Divides data in a table into several logical splits whose sizes are approximately the same as the specified value. The split points between the splits and the information about hosts on which the splits reside are returned. This operation is used by compute engines to determine execution plans such as concurrency plans.

Request syntax

message ComputeSplitPointsBySizeRequest {
    required string table_name = 1;
    required int64 split_size = 2; // in 100MB
Parameter Type Required Description
table_name string Yes The name of the table whose data you want to divide.
split_size int64 Yes The approximate size of each split. Unit: megabytes.

Response syntax

message ComputeSplitPointsBySizeResponse {
    required ConsumedCapacity consumed = 1;
    repeated PrimaryKeySchema schema = 2;

     * Split points between splits, in the increasing order
     * A split is a consecutive range of primary keys,
     * whose data size is about split_size specified in the request.
     * The size could be hard to be precise.
     * A split point is an array of primary-key column w.r.t. table schema,
     * which is never longer than that of table schema.
     * Tailing -inf will be omitted to reduce transmission payloads.
    repeated bytes split_points = 3;

     * Locations where splits lies in.
     * By the managed nature of TableStore, these locations are no more than hints.
     * If a location is not suitable to be seen, an empty string will be placed.
     message SplitLocation {
         required string location = 1;
         required sint64 repeat = 2;
     repeated SplitLocation locations = 4;
Parameter Type Description
consumed ConsumedCapacity The number of capacity units (CUs) that are consumed by this request.
schema PrimaryKeySchema The schema of the table. The schema is the same as the schema that was defined when the table was created.
split_points repeated bytes The split points between splits. The split points must increase monotonically between these splits. Each split point is a row of data in the PlainBuffer format and contains only the primary key. The last -inf of each split point is not transmitted. This helps reduce the amount of transmitted data.
locations repeated SplitLocation The information about the hosts on which the split points reside. This parameter can be left empty.

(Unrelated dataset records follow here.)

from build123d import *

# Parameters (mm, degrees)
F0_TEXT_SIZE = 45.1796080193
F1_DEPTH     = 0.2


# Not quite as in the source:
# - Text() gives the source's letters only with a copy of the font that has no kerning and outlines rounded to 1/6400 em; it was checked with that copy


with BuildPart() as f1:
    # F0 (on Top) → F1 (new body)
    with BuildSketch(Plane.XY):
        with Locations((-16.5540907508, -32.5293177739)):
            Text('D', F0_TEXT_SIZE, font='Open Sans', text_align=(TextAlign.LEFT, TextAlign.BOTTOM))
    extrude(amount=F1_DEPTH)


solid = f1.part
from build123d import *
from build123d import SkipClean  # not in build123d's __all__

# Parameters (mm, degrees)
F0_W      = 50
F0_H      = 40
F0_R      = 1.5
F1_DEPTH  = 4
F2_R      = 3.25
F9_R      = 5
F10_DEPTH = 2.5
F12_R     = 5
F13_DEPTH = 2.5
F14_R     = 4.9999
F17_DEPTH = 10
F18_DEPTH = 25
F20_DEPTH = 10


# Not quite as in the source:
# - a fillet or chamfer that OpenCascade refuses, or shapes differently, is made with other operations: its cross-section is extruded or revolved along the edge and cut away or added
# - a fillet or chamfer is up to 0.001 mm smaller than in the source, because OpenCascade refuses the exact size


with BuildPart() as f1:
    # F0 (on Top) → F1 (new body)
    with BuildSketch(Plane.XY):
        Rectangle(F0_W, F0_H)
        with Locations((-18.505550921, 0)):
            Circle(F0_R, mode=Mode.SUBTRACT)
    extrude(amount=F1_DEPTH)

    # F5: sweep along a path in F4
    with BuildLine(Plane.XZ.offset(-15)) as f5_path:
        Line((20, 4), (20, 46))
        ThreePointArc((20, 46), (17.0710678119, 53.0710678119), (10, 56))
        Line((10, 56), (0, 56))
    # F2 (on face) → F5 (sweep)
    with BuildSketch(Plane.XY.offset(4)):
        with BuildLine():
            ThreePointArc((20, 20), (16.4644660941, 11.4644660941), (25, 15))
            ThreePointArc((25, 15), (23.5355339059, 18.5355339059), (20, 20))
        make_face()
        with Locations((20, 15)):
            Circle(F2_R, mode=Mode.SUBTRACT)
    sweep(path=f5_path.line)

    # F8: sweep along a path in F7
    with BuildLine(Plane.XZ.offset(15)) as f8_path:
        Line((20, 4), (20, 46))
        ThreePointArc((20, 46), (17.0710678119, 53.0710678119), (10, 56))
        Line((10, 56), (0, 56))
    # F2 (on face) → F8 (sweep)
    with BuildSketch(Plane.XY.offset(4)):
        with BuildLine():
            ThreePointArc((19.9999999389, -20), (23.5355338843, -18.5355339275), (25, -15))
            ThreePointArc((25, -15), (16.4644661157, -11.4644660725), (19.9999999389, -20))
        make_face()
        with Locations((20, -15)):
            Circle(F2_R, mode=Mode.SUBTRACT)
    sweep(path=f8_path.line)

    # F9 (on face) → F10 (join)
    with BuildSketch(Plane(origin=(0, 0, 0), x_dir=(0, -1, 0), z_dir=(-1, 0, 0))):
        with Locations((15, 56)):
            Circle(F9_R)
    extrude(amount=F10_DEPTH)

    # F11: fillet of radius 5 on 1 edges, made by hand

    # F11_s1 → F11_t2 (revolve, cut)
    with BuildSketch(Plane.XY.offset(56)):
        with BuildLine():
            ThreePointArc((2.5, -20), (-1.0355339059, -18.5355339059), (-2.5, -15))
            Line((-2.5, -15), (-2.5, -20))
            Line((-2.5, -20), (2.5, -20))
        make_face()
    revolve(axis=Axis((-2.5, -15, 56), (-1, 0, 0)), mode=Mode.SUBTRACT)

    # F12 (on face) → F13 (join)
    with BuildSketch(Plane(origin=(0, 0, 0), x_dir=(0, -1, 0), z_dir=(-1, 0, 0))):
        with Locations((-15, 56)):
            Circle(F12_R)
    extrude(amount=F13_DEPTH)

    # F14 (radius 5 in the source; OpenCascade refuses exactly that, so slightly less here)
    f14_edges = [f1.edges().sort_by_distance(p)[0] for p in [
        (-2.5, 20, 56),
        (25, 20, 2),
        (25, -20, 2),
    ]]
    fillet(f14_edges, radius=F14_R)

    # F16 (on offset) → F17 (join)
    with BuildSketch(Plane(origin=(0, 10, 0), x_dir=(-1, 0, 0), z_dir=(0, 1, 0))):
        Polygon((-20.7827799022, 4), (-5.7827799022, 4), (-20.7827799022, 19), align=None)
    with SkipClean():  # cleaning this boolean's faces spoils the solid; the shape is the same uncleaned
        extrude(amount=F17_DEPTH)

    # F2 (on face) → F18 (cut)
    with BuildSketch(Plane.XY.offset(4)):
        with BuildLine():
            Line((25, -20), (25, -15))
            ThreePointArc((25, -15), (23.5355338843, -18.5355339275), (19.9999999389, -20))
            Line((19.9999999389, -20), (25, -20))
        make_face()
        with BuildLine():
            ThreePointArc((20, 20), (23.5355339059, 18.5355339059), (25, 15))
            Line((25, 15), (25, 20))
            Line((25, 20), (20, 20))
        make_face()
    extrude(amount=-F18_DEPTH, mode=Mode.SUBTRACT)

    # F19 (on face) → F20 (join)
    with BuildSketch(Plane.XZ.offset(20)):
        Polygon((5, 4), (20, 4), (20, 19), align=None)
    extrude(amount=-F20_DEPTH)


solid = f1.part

For example, if a table contains three primary key columns and the data type of the first primary key column is string, the following splits are obtained after you call this operation: (-inf,-inf,-inf) to ("a",-inf,-inf), ("a",-inf,-inf) to ("b",-inf,-inf), ("b",-inf,-inf) to ("c",-inf,-inf), ("c",-inf,-inf) to ("d",-inf,-inf), and ("d",-inf,-inf) to (+inf,+inf,+inf). The first three splits reside on machine-A and the other two splits reside on machine-B. In this case, the value of split_points is [("a"),("b"),("c"),("d")], and the value of locations is "machine-A"*3, "machine-B"*2.

Use Tablestore SDKs

Tablestore SDK for Java: Split data by a specified size

CU consumption

The number of read CUs that are consumed is the same as the number of splits. No write CUs are consumed.